Sobre el Juramento Masónico: de mis conversaciones con Patrick Négrier

Entre las enriquecedoras conversaciones e intercambios epistolares que mantuve con el muy Querido Hermano, amigo filósofo y masonólogo, Patrick Négrier, pasado recientemente al Oriente Eterno, suponiendo una gran pérdida para la Orden, voy a acercar nuevamente a este espacio una reflexión sobre el juramento masónico.
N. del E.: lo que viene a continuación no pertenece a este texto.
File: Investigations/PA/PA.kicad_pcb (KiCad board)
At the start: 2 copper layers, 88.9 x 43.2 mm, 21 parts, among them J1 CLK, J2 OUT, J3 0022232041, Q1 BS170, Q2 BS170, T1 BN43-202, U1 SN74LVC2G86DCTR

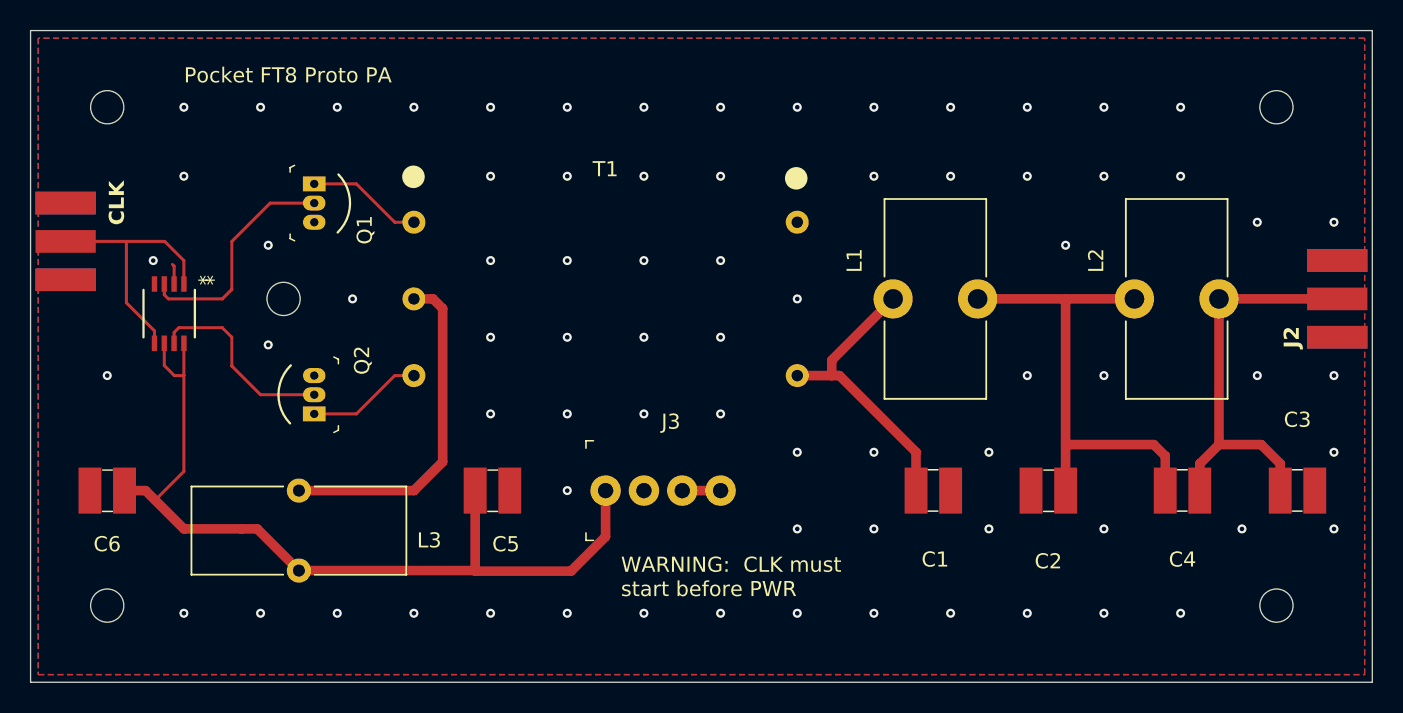
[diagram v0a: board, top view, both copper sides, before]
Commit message: PA Proto submitted to PCBWay
First PA Proto uses XOR to generate differentials, (2) BS170 finals, 5Vcc, and Chebyshev LP filter on a 2-Layer Board.
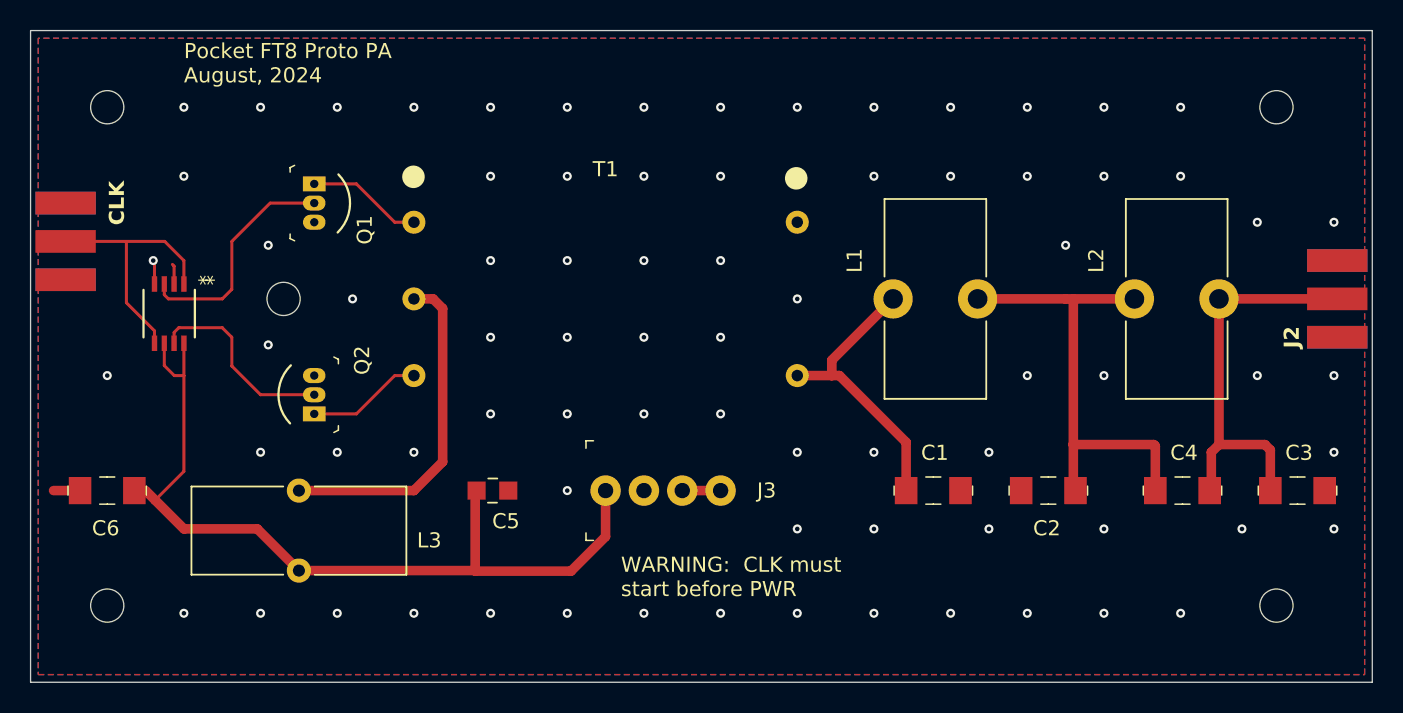
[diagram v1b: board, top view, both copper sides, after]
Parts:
- C1, C2, C3, C4, C6: footprint digikey-footprints:1210 -> digikey-footprints:1206
- C5: footprint digikey-footprints:1210 -> digikey-footprints:0805
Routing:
- net GND: track 3.89 -> 7.23 mm, vias 74 -> 77
- net Net-(C2-Pad1): track 32.3 -> 31.5 mm
- net +5V: track 57.7 -> 57.0 mm
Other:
- board text added: "Pocket FT8 Proto PA August, 2024"
- board text removed: "Pocket FT8 Proto PA"

Patrick Négrier, como siempre haciendo gala de una erudición y conocimiento extraordinarios, combinaba esas cualidades con la de la humildad de quien comparte con el prójimo por amor a la verdad en sí misma. Un regreso al método de la recepción del conocimiento mediante el estudio, el análisis, la reflexión vivencial, dejando al margen la vileza profana, la incapacidad de argumentar el disenso. Supone el regreso al intercambio mediante el debate inteligente sobre bases sólidas, contrastadas y libres de cualquier tipo de subyugación. Este es el estado al que muy pocos masonólogos han alcanzado, pues sí sus estudios son verdaderamente libres, y cada paso que han alcanzado en el avance de sus pesquisas, reflexiones e investigaciones, valen su peso en oro. Un estado de consciencia y actitud que está a años luz, por desgracia, de una inmensa mayoría de francmasones de joya de latón y mandil de lentejuelas.
Haber tenido su amistad me honrará para siempre, y le quedo eternamente agradecido por lo mucho que de sus guías y enseñanzas he conseguido en gran medida saciar mi sed del conocimiento y me ha permitido ver más luz a pesar de estar rodeado de tinieblas de todo tipo. Gracias Patrick por estar siempre ahí, eternamente.
Creo que es el momento en el que hay que precisar con la máxima precisión el elemento formal ritual, filosófico e incluso hermenéutico del contenido de nuestros actuales Rituales para ser coherentes, y así evitar confusiones atroces. Una vez más debemos esforzarnos por saber de dónde venimos, como mutamos, como evolucionamos y a donde vamos con las actuales estructuras rituales y sus corpus doctrinales. Por eso que el tema del juramento, no es un tema menor, y solo comprendiendo su precisa aparición contextuada adecuadamente, podremos llegar a entender el de compromiso en diferentes conceptos de la masonería del Siglo XVIII.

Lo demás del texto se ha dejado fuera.